人気ブログランキング | 話題のタグを見る

今を抱きしめる

 「良いなあ。」と思った後、すぐに家族に会いたくなる、そんな光景を二つ見かけました。
 一つ目は休日の朝のことです。神主さんがお祓いをしている、あ、建前だわ、と思って見ると、若いお父さんと、お母さん、そして二人のお嬢さんが4人一列横になって、手をつないで一緒にお祈りをしていました。その日が待ちに待った日で、夢がたくさん詰まったお家ができる喜びが、見ている私にも伝わってきました。コロナウィルスのせいで、大変だったこともたくさんあったでしょうけれど、ようやくその日を迎えることができたのだなぁと思いました。きっと子どもの頃、私もしたように、このお嬢さんたちも、毎日のようにあの場所に立ち寄って、家族みんなの思いがこもった素敵なお家ができあがるのを、わくわくしながら待つことでしょう。お家が出来上がったら、その時もまた、みんなで手をつなぎながら玄関に入っていくのかな、と想像したら、幸せを分けて頂いたような気持ちになりました。
 
 二つ目は夕暮れの冷たい風が吹く日のことです。高校生の男の子と女の子が二人で一つの赤いマフラーを首に巻いて、寄り添いながら帰っていきました。ざっくりしたマフラーは、手編みでしょうか?私が高校生や大学生の頃も、恋人同士で一緒にマフラーを巻くのが流行りました。彼にマフラーやセーターを編むなんていう事も流行っていて、ペアのものを一生懸命本を見ながら作ったことなど思い出しました。
 この幸せがずっと続くと思っていました。嬉しそうに歩いていく二人のように。
 幸せがずっとずっと続く人もいると思います。私の場合は、永遠に続くことはなかったからこそ、その時の刹那の思いはきらめいて思い出されます。夢中になって恋をしたあの頃。命を燃え立たすような時間が確かにありました。
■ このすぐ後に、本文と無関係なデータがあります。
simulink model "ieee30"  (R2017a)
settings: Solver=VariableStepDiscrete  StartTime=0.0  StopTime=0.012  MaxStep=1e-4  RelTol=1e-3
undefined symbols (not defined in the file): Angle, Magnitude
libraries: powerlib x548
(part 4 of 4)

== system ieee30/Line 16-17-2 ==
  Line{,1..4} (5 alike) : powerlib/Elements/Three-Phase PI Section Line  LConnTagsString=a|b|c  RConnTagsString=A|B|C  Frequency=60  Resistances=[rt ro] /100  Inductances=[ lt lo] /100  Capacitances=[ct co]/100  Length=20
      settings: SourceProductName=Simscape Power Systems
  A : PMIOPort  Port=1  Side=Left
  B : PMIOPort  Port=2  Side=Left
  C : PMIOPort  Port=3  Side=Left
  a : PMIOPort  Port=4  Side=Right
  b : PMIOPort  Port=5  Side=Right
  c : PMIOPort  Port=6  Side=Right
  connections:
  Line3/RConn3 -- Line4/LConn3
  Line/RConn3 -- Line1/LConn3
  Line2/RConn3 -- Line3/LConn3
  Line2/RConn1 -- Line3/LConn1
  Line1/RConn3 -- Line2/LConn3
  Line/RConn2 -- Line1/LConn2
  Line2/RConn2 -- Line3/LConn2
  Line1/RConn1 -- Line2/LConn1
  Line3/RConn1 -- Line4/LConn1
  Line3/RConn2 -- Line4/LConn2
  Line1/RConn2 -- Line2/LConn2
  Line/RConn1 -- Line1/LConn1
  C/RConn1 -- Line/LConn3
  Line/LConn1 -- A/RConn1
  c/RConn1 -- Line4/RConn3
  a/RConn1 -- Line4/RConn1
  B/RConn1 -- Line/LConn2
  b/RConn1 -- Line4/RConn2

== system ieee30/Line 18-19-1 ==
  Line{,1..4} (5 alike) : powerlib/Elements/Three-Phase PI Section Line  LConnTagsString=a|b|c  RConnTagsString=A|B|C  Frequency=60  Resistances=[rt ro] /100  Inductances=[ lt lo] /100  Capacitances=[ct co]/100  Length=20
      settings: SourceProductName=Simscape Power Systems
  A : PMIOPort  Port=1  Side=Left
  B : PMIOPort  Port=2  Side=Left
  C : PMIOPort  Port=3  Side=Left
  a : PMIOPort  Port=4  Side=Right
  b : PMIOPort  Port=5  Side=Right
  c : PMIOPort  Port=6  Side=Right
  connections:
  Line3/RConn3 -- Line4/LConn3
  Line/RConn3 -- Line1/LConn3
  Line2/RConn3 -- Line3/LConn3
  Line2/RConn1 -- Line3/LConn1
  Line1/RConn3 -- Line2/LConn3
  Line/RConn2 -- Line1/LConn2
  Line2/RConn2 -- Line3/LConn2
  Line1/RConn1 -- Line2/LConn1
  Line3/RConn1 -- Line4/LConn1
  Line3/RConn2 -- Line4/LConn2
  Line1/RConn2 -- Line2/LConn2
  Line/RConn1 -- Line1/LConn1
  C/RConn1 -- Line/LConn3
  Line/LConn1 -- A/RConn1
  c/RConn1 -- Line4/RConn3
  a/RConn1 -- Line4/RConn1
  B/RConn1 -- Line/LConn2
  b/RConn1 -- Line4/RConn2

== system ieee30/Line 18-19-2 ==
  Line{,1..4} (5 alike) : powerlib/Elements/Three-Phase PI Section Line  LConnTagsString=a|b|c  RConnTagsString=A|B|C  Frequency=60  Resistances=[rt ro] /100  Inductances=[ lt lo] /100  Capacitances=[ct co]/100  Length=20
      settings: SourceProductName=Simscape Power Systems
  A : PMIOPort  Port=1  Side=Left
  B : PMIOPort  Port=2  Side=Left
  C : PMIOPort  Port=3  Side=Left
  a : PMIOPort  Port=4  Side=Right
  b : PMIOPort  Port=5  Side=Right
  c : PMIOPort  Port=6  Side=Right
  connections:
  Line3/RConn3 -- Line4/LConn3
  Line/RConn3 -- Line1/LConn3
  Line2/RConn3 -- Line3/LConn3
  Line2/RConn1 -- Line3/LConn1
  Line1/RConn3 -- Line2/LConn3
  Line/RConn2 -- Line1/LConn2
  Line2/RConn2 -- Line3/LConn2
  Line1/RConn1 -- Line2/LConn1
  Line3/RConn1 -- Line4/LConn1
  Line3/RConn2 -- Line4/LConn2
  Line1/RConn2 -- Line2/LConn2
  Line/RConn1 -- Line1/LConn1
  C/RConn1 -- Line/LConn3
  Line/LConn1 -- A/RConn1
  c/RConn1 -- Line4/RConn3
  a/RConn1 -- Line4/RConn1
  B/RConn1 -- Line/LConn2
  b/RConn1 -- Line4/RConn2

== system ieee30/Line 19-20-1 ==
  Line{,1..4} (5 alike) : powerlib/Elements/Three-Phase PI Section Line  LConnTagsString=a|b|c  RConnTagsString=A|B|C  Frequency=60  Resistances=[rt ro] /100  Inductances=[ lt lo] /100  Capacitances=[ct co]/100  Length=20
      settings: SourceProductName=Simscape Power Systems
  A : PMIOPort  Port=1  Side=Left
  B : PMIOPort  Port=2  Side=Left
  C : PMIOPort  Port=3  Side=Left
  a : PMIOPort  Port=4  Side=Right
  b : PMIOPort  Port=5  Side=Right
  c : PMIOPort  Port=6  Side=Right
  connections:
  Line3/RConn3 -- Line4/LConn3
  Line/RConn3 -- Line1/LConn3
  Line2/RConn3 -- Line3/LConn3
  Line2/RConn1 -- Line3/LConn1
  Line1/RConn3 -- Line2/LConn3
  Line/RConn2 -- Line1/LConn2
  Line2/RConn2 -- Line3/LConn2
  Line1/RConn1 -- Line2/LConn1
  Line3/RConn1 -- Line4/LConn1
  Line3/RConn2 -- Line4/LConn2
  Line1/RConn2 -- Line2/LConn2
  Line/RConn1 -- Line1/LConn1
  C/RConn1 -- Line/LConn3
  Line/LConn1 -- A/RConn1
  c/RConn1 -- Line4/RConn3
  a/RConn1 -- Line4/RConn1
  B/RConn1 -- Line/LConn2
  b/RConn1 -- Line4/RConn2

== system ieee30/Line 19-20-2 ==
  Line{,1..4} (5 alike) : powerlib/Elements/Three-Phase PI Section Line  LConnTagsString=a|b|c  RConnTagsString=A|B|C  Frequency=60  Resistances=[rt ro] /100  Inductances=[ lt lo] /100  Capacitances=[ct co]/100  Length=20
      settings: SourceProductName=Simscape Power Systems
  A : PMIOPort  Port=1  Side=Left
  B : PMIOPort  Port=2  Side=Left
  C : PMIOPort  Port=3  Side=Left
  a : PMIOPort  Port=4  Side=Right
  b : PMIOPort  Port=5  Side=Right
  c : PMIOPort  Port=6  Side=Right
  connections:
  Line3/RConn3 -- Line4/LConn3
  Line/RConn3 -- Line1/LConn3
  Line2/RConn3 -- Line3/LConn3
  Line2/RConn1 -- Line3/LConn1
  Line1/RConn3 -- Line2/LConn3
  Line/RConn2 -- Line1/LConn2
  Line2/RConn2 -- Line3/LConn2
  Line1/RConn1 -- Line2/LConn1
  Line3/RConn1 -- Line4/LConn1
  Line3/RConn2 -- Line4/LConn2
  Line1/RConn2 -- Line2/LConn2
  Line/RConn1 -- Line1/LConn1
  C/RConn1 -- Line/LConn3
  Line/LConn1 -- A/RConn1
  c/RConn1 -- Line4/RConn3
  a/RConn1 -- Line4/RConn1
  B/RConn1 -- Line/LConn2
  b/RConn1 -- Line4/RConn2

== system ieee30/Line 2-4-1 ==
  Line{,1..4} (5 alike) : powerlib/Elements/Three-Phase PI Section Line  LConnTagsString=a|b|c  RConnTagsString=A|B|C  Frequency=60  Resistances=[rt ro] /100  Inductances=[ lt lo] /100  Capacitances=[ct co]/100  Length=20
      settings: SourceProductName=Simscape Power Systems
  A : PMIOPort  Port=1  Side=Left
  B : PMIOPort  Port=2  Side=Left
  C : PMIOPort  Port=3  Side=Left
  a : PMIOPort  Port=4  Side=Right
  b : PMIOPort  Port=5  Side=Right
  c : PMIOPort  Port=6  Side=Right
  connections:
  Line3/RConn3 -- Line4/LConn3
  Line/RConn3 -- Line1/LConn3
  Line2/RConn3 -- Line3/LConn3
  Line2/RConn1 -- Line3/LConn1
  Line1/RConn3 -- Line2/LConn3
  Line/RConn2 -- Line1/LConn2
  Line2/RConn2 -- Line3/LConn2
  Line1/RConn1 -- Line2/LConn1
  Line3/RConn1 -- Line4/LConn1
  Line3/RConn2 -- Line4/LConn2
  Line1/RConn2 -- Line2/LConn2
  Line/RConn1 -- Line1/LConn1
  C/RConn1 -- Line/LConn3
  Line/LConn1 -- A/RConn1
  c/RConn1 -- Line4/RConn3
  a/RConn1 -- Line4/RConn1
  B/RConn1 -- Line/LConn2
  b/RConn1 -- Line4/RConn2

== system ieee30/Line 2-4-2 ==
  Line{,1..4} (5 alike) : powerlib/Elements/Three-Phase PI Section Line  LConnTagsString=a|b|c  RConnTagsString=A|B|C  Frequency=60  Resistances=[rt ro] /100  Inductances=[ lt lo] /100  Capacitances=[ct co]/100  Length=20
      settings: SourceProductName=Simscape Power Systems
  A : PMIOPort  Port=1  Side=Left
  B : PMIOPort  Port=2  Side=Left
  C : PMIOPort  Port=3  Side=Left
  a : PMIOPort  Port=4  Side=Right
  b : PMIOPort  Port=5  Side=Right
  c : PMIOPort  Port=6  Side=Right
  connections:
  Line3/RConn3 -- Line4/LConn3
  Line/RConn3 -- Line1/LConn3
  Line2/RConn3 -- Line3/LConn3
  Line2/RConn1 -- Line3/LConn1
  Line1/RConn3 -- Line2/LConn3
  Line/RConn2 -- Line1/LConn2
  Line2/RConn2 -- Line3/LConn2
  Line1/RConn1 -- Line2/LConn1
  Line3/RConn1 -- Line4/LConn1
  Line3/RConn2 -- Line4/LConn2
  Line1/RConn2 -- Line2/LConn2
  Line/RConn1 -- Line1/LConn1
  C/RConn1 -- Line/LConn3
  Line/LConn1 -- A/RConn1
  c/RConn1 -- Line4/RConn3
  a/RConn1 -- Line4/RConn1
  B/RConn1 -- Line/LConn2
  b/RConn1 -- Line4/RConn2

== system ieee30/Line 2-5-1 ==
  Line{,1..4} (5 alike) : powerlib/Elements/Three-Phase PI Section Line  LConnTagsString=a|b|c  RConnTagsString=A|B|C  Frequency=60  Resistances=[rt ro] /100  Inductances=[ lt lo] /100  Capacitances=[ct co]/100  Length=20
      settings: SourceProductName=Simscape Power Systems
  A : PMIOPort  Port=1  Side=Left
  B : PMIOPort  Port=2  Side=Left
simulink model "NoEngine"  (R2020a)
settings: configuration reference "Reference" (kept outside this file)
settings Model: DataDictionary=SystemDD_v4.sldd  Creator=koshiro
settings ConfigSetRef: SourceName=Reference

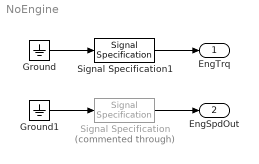
== system NoEngine ==
  Ground : Ground
  Ground1 : Ground
  Signal Specification : SignalSpecification  Commented=through  Unit=rev/min
  Signal Specification1 : SignalSpecification  Unit=N*m
  EngTrq : Outport
  EngSpdOut : Outport  Port=2
  wires:
  Ground/1 -> Signal Specification1/1
  Ground1/1 -> Signal Specification/1
  Signal Specification/1 -> EngSpdOut/1
  Signal Specification1/1 -> EngTrq/1

 建前の家族も、マフラーの高校生も、わずかな時間でしか触れ合うことのない人たちではありましたが、見ているだけで幸せな気持ちになりました。そして、当たり前ではありますが、愛する人といる時間を大切に、一緒にいる時を愛おしんで生きていきたいと思いました。
 城山三郎の亡き妻について書いた『そうか、もう君はいないのか』を思い出しました。今の毎日を大切に愛おしんで抱きしめるように生きていこうと思いました。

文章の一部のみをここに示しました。